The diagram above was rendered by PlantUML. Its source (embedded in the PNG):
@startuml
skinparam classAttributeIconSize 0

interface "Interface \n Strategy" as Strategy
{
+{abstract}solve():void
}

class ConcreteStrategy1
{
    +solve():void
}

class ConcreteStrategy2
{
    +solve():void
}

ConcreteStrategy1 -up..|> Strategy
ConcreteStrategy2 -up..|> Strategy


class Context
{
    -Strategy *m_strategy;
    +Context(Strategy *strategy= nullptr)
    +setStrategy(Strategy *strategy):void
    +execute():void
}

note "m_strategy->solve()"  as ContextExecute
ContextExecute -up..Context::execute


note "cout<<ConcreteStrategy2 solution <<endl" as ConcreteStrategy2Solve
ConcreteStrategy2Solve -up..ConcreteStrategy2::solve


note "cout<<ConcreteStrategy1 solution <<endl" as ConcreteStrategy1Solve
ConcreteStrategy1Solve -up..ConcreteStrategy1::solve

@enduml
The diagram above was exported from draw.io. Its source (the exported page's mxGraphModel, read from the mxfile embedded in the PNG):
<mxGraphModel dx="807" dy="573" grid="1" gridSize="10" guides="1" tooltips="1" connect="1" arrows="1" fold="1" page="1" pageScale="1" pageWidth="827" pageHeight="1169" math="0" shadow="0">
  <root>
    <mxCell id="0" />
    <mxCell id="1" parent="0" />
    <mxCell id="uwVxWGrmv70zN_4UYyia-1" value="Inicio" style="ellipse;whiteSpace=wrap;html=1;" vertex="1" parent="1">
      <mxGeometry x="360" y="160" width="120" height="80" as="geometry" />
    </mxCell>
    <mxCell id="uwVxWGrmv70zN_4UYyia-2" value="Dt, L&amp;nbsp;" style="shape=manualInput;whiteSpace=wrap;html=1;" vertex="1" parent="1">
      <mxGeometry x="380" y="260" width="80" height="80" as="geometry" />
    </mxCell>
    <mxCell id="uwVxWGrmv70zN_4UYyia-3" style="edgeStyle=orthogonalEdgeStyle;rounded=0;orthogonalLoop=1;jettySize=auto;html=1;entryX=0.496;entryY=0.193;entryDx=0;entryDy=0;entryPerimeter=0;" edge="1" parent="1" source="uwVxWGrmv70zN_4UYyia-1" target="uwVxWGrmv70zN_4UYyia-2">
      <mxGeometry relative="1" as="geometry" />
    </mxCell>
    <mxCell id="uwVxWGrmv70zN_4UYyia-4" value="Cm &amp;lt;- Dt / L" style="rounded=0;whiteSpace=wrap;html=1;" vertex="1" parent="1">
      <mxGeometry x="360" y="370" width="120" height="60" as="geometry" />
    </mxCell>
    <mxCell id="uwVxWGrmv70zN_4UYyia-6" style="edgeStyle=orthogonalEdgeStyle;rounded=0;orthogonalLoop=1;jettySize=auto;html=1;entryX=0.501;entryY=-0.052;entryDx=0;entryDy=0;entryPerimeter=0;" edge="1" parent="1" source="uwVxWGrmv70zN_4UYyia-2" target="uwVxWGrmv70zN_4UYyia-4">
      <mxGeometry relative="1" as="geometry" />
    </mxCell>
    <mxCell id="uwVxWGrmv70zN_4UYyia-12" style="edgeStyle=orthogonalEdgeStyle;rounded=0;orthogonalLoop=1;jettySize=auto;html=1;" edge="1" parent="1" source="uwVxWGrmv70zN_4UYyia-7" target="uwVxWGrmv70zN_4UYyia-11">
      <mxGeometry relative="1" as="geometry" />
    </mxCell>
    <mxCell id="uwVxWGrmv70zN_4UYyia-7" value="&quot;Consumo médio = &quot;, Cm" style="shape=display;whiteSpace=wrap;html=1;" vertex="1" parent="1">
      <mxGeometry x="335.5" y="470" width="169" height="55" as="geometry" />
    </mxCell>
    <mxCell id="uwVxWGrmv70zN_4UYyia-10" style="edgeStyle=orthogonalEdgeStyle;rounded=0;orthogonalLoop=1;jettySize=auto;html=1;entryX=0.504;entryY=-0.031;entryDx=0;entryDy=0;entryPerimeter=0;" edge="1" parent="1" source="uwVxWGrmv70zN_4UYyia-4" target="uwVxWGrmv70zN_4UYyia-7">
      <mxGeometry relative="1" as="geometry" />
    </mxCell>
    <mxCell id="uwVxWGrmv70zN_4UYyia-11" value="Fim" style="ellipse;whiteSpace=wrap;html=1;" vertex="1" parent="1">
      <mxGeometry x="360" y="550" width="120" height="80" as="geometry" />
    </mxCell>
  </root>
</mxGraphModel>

-------

• EXERCISE AIM: Where a line in the material contains "cout", copy that line.

• ANSWER FOR THIS EXERCISE:
note "cout<<ConcreteStrategy2 solution <<endl" as ConcreteStrategy2Solve
note "cout<<ConcreteStrategy1 solution <<endl" as ConcreteStrategy1Solve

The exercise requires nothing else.